[파이썬] Gensim MmCorpus 사용

Gensim is a widely used library in Natural Language Processing (NLP) for topic modeling, document similarity, and other text processing tasks. One of the key components in Gensim is the MmCorpus module, which is used for storing and efficiently accessing large corpora of text documents.

What is MmCorpus?

MmCorpus stands for Matrix Market Corpus. It is a file format used to store large document collections in a compressed manner, making it memory-friendly for processing. In Gensim, MmCorpus is represented using the MmCorpus class. It allows you to load and save corpus data, perform efficient streaming of documents, and interact with the corpus in a memory-efficient way.

Usage of MmCorpus

To use MmCorpus in your Python code, first, you need to install Gensim using pip:

pip install gensim

Once installed, you can import the necessary modules and start using MmCorpus:

from gensim import corpora, models

# Load the MmCorpus
corpus = corpora.MmCorpus('path/to/your/corpus.mm')

# Iterate over the documents in the corpus
for doc in corpus:
    # Process the document
    # ...
    pass

# Save the MmCorpus
corpora.MmCorpus.serialize('path/to/save/corpus.mm', corpus)

In the code snippet above, we first import the necessary modules from Gensim. Then, we load the MmCorpus using the corpora.MmCorpus class by providing the path to the corpus file. We can then iterate over the documents in the corpus using a simple for loop.

After processing the documents as needed, we can save the MmCorpus using the corpora.MmCorpus.serialize method by providing the path to save the corpus and the corpus object.

Advanced Usage

MmCorpus provides advanced features such as streaming, memory mapping, and tokenization. Here’s an example of using these features:

from gensim import corpora, models
from gensim.utils import tokenize

# Create a MmCorpus from tokenized documents
corpus = corpora.MmCorpus('path/to/your/corpus.mm', id2word=dictionary, tokenizer=tokenize)

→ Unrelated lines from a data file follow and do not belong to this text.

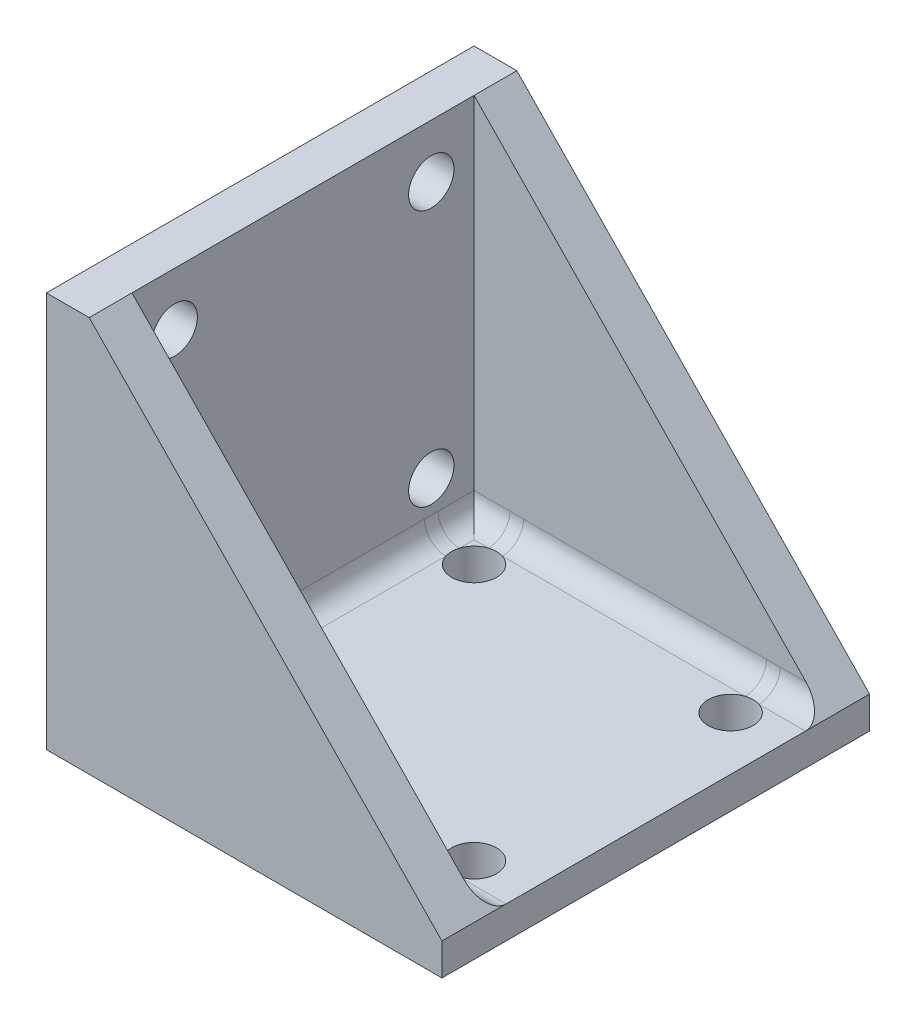
SolidWorks part; units mm, degrees
ref_plane "Front Plane" through (0, 0, 0) normal (0, 0, 1) x (1, 0, 0)
ref_plane "Top Plane" through (0, 0, 0) normal (0, 1, 0) x (1, 0, 0)
ref_plane "Right Plane" through (0, 0, 0) normal (1, 0, 0) x (0, 0, -1)
sketch "sss" plane through (0, 0, 0) normal (0, 1, 0) x (1, 0, 0)
  line L0 (-23, 0) -> (17, 0) construction
  line L1 (-20, -20) -> (17, -20)
  line L3 (-20, 20) -> (17, 20)
  line L4 (17, -20) -> (17, 20)
  line L5 (-19.6365, -23.1018) -> (17, 20) construction
  line L6 (-19.6365, 23.1018) -> (17, -20) construction
  line L7 (-1.5, 20) -> (-1.5, -20) construction
  line L8 (-20, 20) -> (-20, -20)
  circle A0 centre (-12, 12) radius 2.1
  circle A5 centre (12, 12) radius 2.1
  circle A6 centre (12, -12) radius 2.1
  circle A7 centre (-12, -12) radius 2.1
  point P0 (0, 0)
  dimension "D3" = 4.2
  dimension "D4" = 8
  dimension "D5" = 5
  dimension "D2" = 8
  dimension "D6" = 8
  dimension "D1" = 24
extrude "Boss-Extrude2" add sketch "sss" along normal blind 3
sketch "Sketch1" plane through (-20, 0, 0) normal (-1, 0, 0) x (0, 0, 1)
  line L0 (-20, 37) -> (20, 3) construction
  line L1 (-20, 0) -> (20, 0)
  line L2 (-20, 0) -> (-20, 37)
  line L3 (-20, 37) -> (20, 37)
  line L4 (20, 0) -> (20, 37)
  line L5 (20, 37) -> (-20, 3) construction
  line L6 (-20, 20) -> (20, 20) construction
  line L7 (0, 37) -> (0, 0) construction
  circle A1 centre (-12, 32) radius 2.125
  circle A2 centre (12, 32) radius 2.125
  circle A3 centre (12, 8) radius 2.125
  circle A4 centre (-12, 8) radius 2.125
  dimension "D2" = 4.25
  dimension "D1" = 12
  dimension "D3" = 5
  dimension "D4" = 8
  dimension "D5" = 8
extrude "Boss-Extrude3" add sketch "Sketch1" against normal blind 4
sketch "Sketch2" plane through (0, 0, 20) normal (0, 0, 1) x (1, 0, 0)
  line L0 (-20, 37) -> (-20, 0)
  line L1 (-20, 0) -> (17, 0) construction
  line L2 (-20, 37) -> (-20, 0) construction
  line L3 (-20, 0) -> (17, 0)
  line L4 (17, 0) -> (17, 3)
  line L5 (17, 3) -> (-16, 37)
  line L6 (-16, 37) -> (-20, 37)
extrude "Boss-Extrude4" add sketch "Sketch2" against normal blind 4
ref_plane "Plane1" through (0, 0, 0) normal (0, 0, 1) x (1, 0, 0)
mirror "Mirror1" about plane through (0, 0, 0) normal (0, 0, 1) of "Boss-Extrude4"
fillet "Fillet1" radius 2 3 edges at (0.5, 3, -16) (0.5, 3, 16) (-16, 3, 0)
equation "\"m4\"= 4.2"
equation "\"D3@sss\"=\"m4\""
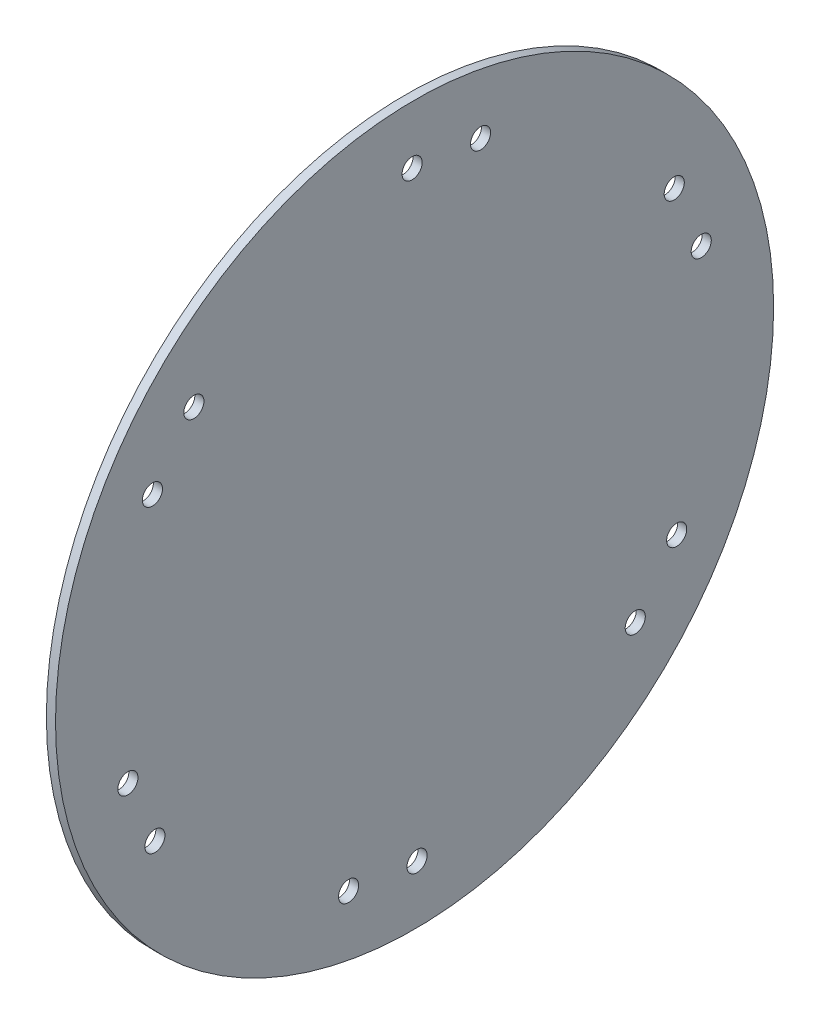
SolidWorks part; units mm, degrees
material "Oak"
ref_plane "Front Plane" through (0, 0, 0) normal (0, 0, 1) x (1, 0, 0)
ref_plane "Top Plane" through (0, 0, 0) normal (0, 1, 0) x (1, 0, 0)
ref_plane "Right Plane" through (0, 0, 0) normal (1, 0, 0) x (0, 0, -1)
sketch "Sketch2" plane through (0, 0, 0) normal (1, 0, 0) x (0, 0, -1)
  circle A0 centre (0, 0) radius 125
  dimension "D1" = 250
extrude "Boss-Extrude1" add sketch "Sketch2" along normal blind 3.18
sketch "Sketch3" plane through (0, 0, 0) normal (-1, 0, 0) x (0, 0, 1)
  circle A5 centre (22.9721, -101.9723) radius 3.5
  circle A12 centre (-0.8523, -104.8702) radius 3.5
  circle A13 centre (-91.2464, -51.697) radius 3.5
  circle A14 centre (-76.8245, -70.8806) radius 3.5
  circle A15 centre (-99.7966, 31.0917) radius 3.5
  circle A16 centre (-90.3941, 53.1732) radius 3.5
  circle A17 centre (0.8523, 104.8702) radius 3.5
  circle A18 centre (-22.9721, 101.9723) radius 3.5
  circle A19 centre (76.8245, 70.8806) radius 3.5
  circle A20 centre (91.2464, 51.697) radius 3.5
  circle A21 centre (99.7966, -31.0917) radius 3.5
  circle A22 centre (90.3941, -53.1732) radius 3.5
  dimension "D1" = 7
extrude "Cut-Extrude1" cut sketch "Sketch3" against normal through all

# Use MmCorpus in a memory-mapped manner
corpus_mm = corpora.MmCorpus('path/to/your/corpus.mm', mmap='r')

# Stream documents from the corpus
streaming_corpus = corpora.MmCorpus('path/to/your/corpus.mm', streaming=True)

# Process documents from the streaming corpus
for doc in streaming_corpus:
    # Process the document
    # ...
    pass

In the above example, we create a MmCorpus from tokenized documents by passing the id2word parameter, which is a mapping of word IDs to words in the dictionary. We also specify a custom tokenizer using tokenize from gensim.utils module.

The corpus_mm object in the code snippet is a memory-mapped version of the MmCorpus. It allows efficient memory usage by only loading the necessary parts of the corpus into memory.

The streaming_corpus is created with the streaming=True parameter, which streams documents lazily instead of loading all of them into memory at once. This is useful when dealing with large corpora that cannot fit into memory.

Conclusion

In this blog post, we have explored the usage of Gensim’s MmCorpus module in Python. We learned about the benefits of MmCorpus for storing and accessing large text corpora efficiently. We also covered basic and advanced usage of MmCorpus, such as loading, saving, streaming, and memory mapping.

Using MmCorpus in your NLP projects can greatly improve the memory efficiency and performance when working with large document collections.